§ YOUR GOAL
Begin at the line containing "#137=ADVANCED_FACE('F102',(#118,#136),#100,.F.);" in the data below and go on through the line containing "#141=CARTESIAN_POINT('',(0.,3.21376314390773,2.7));", repeating each line exactly; include both ends and no other line.

§ SUPPLIED RECORDS
--

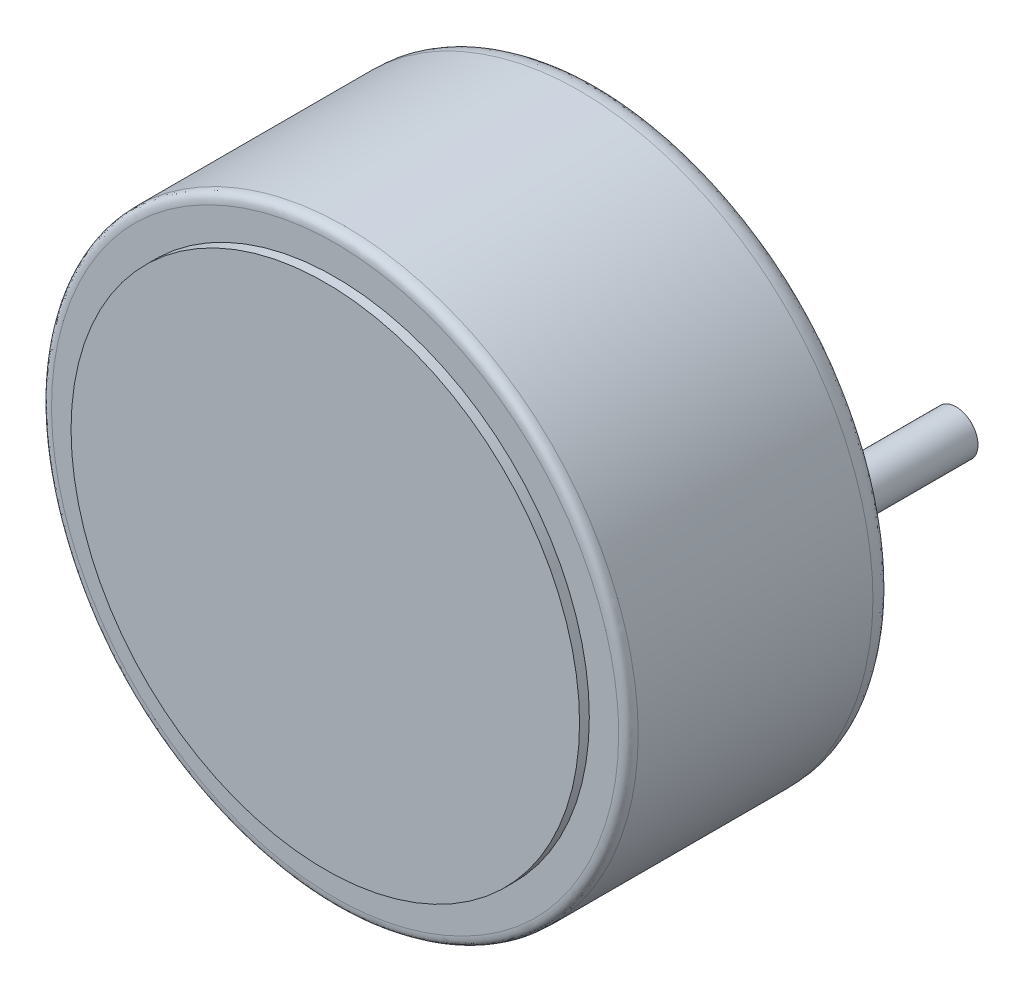
ISO-10303-21;
HEADER;
FILE_DESCRIPTION(('STEP AP214'),'2;1');
FILE_NAME('part.step','',(''),(''),'','','');
FILE_SCHEMA(('AUTOMOTIVE_DESIGN { 1 0 10303 214 1 1 1 1 }'));
ENDSEC;
DATA;
#1=APPLICATION_CONTEXT('core data for automotive mechanical design processes');
#2=APPLICATION_PROTOCOL_DEFINITION('international standard','automotive_design',2000,#1);
#3=PRODUCT_CONTEXT('',#1,'mechanical');
#4=PRODUCT('Part','Part','',(#3));
#5=PRODUCT_RELATED_PRODUCT_CATEGORY('part','',(#4));
#6=PRODUCT_DEFINITION_FORMATION('','',#4);
#7=PRODUCT_DEFINITION_CONTEXT('part definition',#1,'design');
#8=PRODUCT_DEFINITION('design','',#6,#7);
#9=PRODUCT_DEFINITION_SHAPE('','',#8);
#10=(LENGTH_UNIT() NAMED_UNIT(*) SI_UNIT(.MILLI.,.METRE.));
#11=(NAMED_UNIT(*) PLANE_ANGLE_UNIT() SI_UNIT($,.RADIAN.));
#12=(NAMED_UNIT(*) SI_UNIT($,.STERADIAN.) SOLID_ANGLE_UNIT());
#13=UNCERTAINTY_MEASURE_WITH_UNIT(LENGTH_MEASURE(1.E-05),#10,'distance_accuracy_value','');
#14=(GEOMETRIC_REPRESENTATION_CONTEXT(3) GLOBAL_UNCERTAINTY_ASSIGNED_CONTEXT((#13)) GLOBAL_UNIT_ASSIGNED_CONTEXT((#10,
#11,#12)) REPRESENTATION_CONTEXT('',''));
#15=CARTESIAN_POINT('',(0.,0.,0.));
#16=DIRECTION('',(0.,0.,1.));
#17=DIRECTION('',(1.,0.,0.));
#18=AXIS2_PLACEMENT_3D('',#15,#16,#17);
#19=CARTESIAN_POINT('',(0.,0.,2.7));
#20=DIRECTION('',(0.,0.,-1.));
#21=DIRECTION('',(-1.,0.,0.));
#22=AXIS2_PLACEMENT_3D('',#19,#20,#21);
#23=CYLINDRICAL_SURFACE('',#22,3.);
#24=CARTESIAN_POINT('',(3.,0.,0.2));
#25=CARTESIAN_POINT('',(3.,-0.783611624891226,0.2));
#26=CARTESIAN_POINT('',(2.35083487467366,-2.35083487467369,0.2));
#27=CARTESIAN_POINT('',(0.,-3.32458256266316,0.2));
#28=CARTESIAN_POINT('',(-2.35083487467367,-2.35083487467368,0.2));
#29=CARTESIAN_POINT('',(-3.32458256266316,0.,0.2));
#30=CARTESIAN_POINT('',(-2.35083487467368,2.35083487467367,0.2));
#31=CARTESIAN_POINT('',(0.,3.32458256266316,0.2));
#32=CARTESIAN_POINT('',(2.35083487467367,2.35083487467367,0.2));
#33=CARTESIAN_POINT('',(3.,0.783611624891226,0.2));
#34=CARTESIAN_POINT('',(3.,0.,0.2));
#35=B_SPLINE_CURVE_WITH_KNOTS('',3,(#24,#25,#26,#27,#28,#29,#30,#31,#32,#33,#34),.UNSPECIFIED.,
.T.,.F.,(4,1,1,1,1,1,1,1,4),(0.,0.785398163397448,1.5707963267949,2.35619449019235,
3.14159265358979,3.92699081698724,4.71238898038469,5.49778714378214,6.28318530717959),.UNSPECIFIED.);
#36=CARTESIAN_POINT('',(3.,0.,0.2));
#37=VERTEX_POINT('',#36);
#38=EDGE_CURVE('E57',#37,#37,#35,.F.);
#39=ORIENTED_EDGE('',*,*,#38,.T.);
#40=EDGE_LOOP('',(#39));
#41=FACE_BOUND('',#40,.T.);
#42=CARTESIAN_POINT('',(3.,0.,2.6));
#43=CARTESIAN_POINT('',(3.,0.783611624891226,2.6));
#44=CARTESIAN_POINT('',(2.35083487467367,2.35083487467367,2.6));
#45=CARTESIAN_POINT('',(0.,3.32458256266316,2.6));
#46=CARTESIAN_POINT('',(-2.35083487467368,2.35083487467367,2.6));
#47=CARTESIAN_POINT('',(-3.32458256266316,0.,2.6));
#48=CARTESIAN_POINT('',(-2.35083487467368,-2.35083487467368,2.6));
#49=CARTESIAN_POINT('',(0.,-3.32458256266316,2.6));
#50=CARTESIAN_POINT('',(2.35083487467366,-2.35083487467368,2.6));
#51=CARTESIAN_POINT('',(3.,-0.783611624891226,2.6));
#52=CARTESIAN_POINT('',(3.,0.,2.6));
#53=B_SPLINE_CURVE_WITH_KNOTS('',3,(#42,#43,#44,#45,#46,#47,#48,#49,#50,#51,#52),.UNSPECIFIED.,
.T.,.F.,(4,1,1,1,1,1,1,1,4),(0.,0.785398163397448,1.5707963267949,2.35619449019234,
3.14159265358979,3.92699081698724,4.71238898038469,5.49778714378214,6.28318530717959),.UNSPECIFIED.);
#54=CARTESIAN_POINT('',(3.,0.,2.6));
#55=VERTEX_POINT('',#54);
#56=EDGE_CURVE('E62',#55,#55,#53,.F.);
#57=ORIENTED_EDGE('',*,*,#56,.T.);
#58=EDGE_LOOP('',(#57));
#59=FACE_BOUND('',#58,.T.);
#60=ADVANCED_FACE('F38',(#41,#59),#23,.T.);
#61=CARTESIAN_POINT('',(0.,0.,2.7));
#62=DIRECTION('',(0.,0.,1.));
#63=DIRECTION('',(1.,0.,0.));
#64=AXIS2_PLACEMENT_3D('',#61,#62,#63);
#65=PLANE('',#64);
#66=CARTESIAN_POINT('',(0.,0.,2.7));
#67=DIRECTION('',(0.,0.,1.));
#68=DIRECTION('',(1.,0.,0.));
#69=AXIS2_PLACEMENT_3D('',#66,#67,#68);
#70=CIRCLE('',#69,2.6);
#71=CARTESIAN_POINT('',(2.6,0.,2.7));
#72=VERTEX_POINT('',#71);
#73=EDGE_CURVE('E77',#72,#72,#70,.T.);
#74=ORIENTED_EDGE('',*,*,#73,.F.);
#75=EDGE_LOOP('',(#74));
#76=FACE_BOUND('',#75,.T.);
#77=CARTESIAN_POINT('',(2.9,0.,2.7));
#78=CARTESIAN_POINT('',(2.9,-0.757491237394852,2.7));
#79=CARTESIAN_POINT('',(2.27247371218454,-2.27247371218456,2.7));
#80=CARTESIAN_POINT('',(0.,-3.21376314390772,2.7));
#81=CARTESIAN_POINT('',(-2.27247371218455,-2.27247371218455,2.7));
#82=CARTESIAN_POINT('',(-3.21376314390772,0.,2.7));
#83=CARTESIAN_POINT('',(-2.27247371218455,2.27247371218455,2.7));
#84=CARTESIAN_POINT('',(0.,3.21376314390773,2.7));
#85=CARTESIAN_POINT('',(2.27247371218455,2.27247371218455,2.7));
#86=CARTESIAN_POINT('',(2.9,0.757491237394852,2.7));
#87=CARTESIAN_POINT('',(2.9,0.,2.7));
#88=B_SPLINE_CURVE_WITH_KNOTS('',3,(#77,#78,#79,#80,#81,#82,#83,#84,#85,#86,#87),.UNSPECIFIED.,
.T.,.F.,(4,1,1,1,1,1,1,1,4),(0.,0.785398163397448,1.5707963267949,2.35619449019235,
3.14159265358979,3.92699081698724,4.71238898038469,5.49778714378214,6.28318530717959),.UNSPECIFIED.);
#89=CARTESIAN_POINT('',(2.9,0.,2.7));
#90=VERTEX_POINT('',#89);
#91=EDGE_CURVE('E67',#90,#90,#88,.F.);
#92=ORIENTED_EDGE('',*,*,#91,.T.);
#93=EDGE_LOOP('',(#92));
#94=FACE_BOUND('',#93,.T.);
#95=ADVANCED_FACE('F92',(#76,#94),#65,.T.);
#96=CARTESIAN_POINT('',(0.,0.,0.));
#97=DIRECTION('',(0.,0.,1.));
#98=DIRECTION('',(1.,0.,0.));
#99=AXIS2_PLACEMENT_3D('',#96,#97,#98);
#100=PLANE('',#99);
#101=CARTESIAN_POINT('',(2.8,0.,0.));
#102=CARTESIAN_POINT('',(2.8,0.731370849898478,0.));
#103=CARTESIAN_POINT('',(2.19411254969543,2.19411254969543,0.));
#104=CARTESIAN_POINT('',(0.,3.10294372515229,0.));
#105=CARTESIAN_POINT('',(-2.19411254969543,2.19411254969543,0.));
#106=CARTESIAN_POINT('',(-3.10294372515229,0.,0.));
#107=CARTESIAN_POINT('',(-2.19411254969543,-2.19411254969543,0.));
#108=CARTESIAN_POINT('',(0.,-3.10294372515228,0.));
#109=CARTESIAN_POINT('',(2.19411254969542,-2.19411254969544,0.));
#110=CARTESIAN_POINT('',(2.8,-0.731370849898478,0.));
#111=CARTESIAN_POINT('',(2.8,0.,0.));
#112=B_SPLINE_CURVE_WITH_KNOTS('',3,(#101,#102,#103,#104,#105,#106,#107,#108,#109,#110,#111),
.UNSPECIFIED.,.T.,.F.,(4,1,1,1,1,1,1,1,4),(0.,0.785398163397448,1.5707963267949,
2.35619449019234,3.14159265358979,3.92699081698724,4.71238898038469,5.49778714378214,
6.28318530717959),.UNSPECIFIED.);
#113=CARTESIAN_POINT('',(2.8,0.,0.));
#114=VERTEX_POINT('',#113);
#115=EDGE_CURVE('E11',#114,#114,#112,.F.);
#116=ORIENTED_EDGE('',*,*,#115,.T.);
#117=EDGE_LOOP('',(#116));
#118=FACE_BOUND('',#117,.T.);
#119=CARTESIAN_POINT('',(-2.6732050807569,0.,0.));
#120=CARTESIAN_POINT('',(-2.6732050807569,0.698251525666463,0.));
#121=CARTESIAN_POINT('',(-2.09475457699939,2.09475457699939,0.));
#122=CARTESIAN_POINT('',(0.,2.96243033263565,0.));
#123=CARTESIAN_POINT('',(2.09475457699939,2.09475457699939,0.));
#124=CARTESIAN_POINT('',(2.96243033263565,0.,0.));
#125=CARTESIAN_POINT('',(2.09475457699939,-2.09475457699939,0.));
#126=CARTESIAN_POINT('',(0.,-2.96243033263565,0.));
#127=CARTESIAN_POINT('',(-2.09475457699939,-2.09475457699939,0.));
#128=CARTESIAN_POINT('',(-2.6732050807569,-0.698251525666463,0.));
#129=CARTESIAN_POINT('',(-2.6732050807569,0.,0.));
#130=B_SPLINE_CURVE_WITH_KNOTS('',3,(#119,#120,#121,#122,#123,#124,#125,#126,#127,#128,#129),
.UNSPECIFIED.,.T.,.F.,(4,1,1,1,1,1,1,1,4),(-3.14159265358979,-2.35619449019234,-1.5707963267949,
-0.785398163397448,0.,0.785398163397448,1.5707963267949,2.35619449019234,3.14159265358979),.UNSPECIFIED.);
#131=CARTESIAN_POINT('',(-2.6732050807569,0.,0.));
#132=VERTEX_POINT('',#131);
#133=EDGE_CURVE('E52',#132,#132,#130,.F.);
#134=ORIENTED_EDGE('',*,*,#133,.T.);
#135=EDGE_LOOP('',(#134));
#136=FACE_BOUND('',#135,.T.);
#137=ADVANCED_FACE('F102',(#118,#136),#100,.F.);
#138=CARTESIAN_POINT('',(2.9,0.,2.7));
#139=CARTESIAN_POINT('',(2.9,0.757491237394852,2.7));
#140=CARTESIAN_POINT('',(2.27247371218455,2.27247371218455,2.7));
#141=CARTESIAN_POINT('',(0.,3.21376314390773,2.7));
#142=CARTESIAN_POINT('',(-2.27247371218455,2.27247371218455,2.7));
#143=CARTESIAN_POINT('',(-3.21376314390772,0.,2.7));
#144=CARTESIAN_POINT('',(-2.27247371218455,-2.27247371218455,2.7));
#145=CARTESIAN_POINT('',(0.,-3.21376314390772,2.7));
#146=CARTESIAN_POINT('',(2.27247371218454,-2.27247371218456,2.7));
#147=CARTESIAN_POINT('',(2.9,-0.757491237394852,2.7));
#148=CARTESIAN_POINT('',(2.9,0.,2.7));
#149=CARTESIAN_POINT('',(2.9168198051534,0.,2.7));
#150=CARTESIAN_POINT('',(2.9168198051534,0.761884635677054,2.7));
#151=CARTESIAN_POINT('',(2.28565390703116,2.28565390703116,2.7));
#152=CARTESIAN_POINT('',(0.,3.23240275421452,2.7));
#153=CARTESIAN_POINT('',(-2.28565390703116,2.28565390703115,2.7));
#154=CARTESIAN_POINT('',(-3.23240275421451,0.,2.7));
#155=CARTESIAN_POINT('',(-2.28565390703116,-2.28565390703116,2.7));
#156=CARTESIAN_POINT('',(0.,-3.23240275421451,2.7));
#157=CARTESIAN_POINT('',(2.28565390703114,-2.28565390703117,2.7));
#158=CARTESIAN_POINT('',(2.91681980515339,-0.761884635677054,2.7));
#159=CARTESIAN_POINT('',(2.9168198051534,0.,2.7));
#160=CARTESIAN_POINT('',(2.93363961030679,0.,2.7));
#161=CARTESIAN_POINT('',(2.93363961030679,0.766278033959256,2.7));
#162=CARTESIAN_POINT('',(2.29883410187776,2.29883410187776,2.7));
#163=CARTESIAN_POINT('',(0.,3.2510423645213,2.7));
#164=CARTESIAN_POINT('',(-2.29883410187777,2.29883410187776,2.7));
#165=CARTESIAN_POINT('',(-3.2510423645213,0.,2.7));
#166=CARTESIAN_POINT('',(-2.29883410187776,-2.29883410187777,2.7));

--

§ SOLUTION
#137=ADVANCED_FACE('F102',(#118,#136),#100,.F.);
#138=CARTESIAN_POINT('',(2.9,0.,2.7));
#139=CARTESIAN_POINT('',(2.9,0.757491237394852,2.7));
#140=CARTESIAN_POINT('',(2.27247371218455,2.27247371218455,2.7));
#141=CARTESIAN_POINT('',(0.,3.21376314390773,2.7));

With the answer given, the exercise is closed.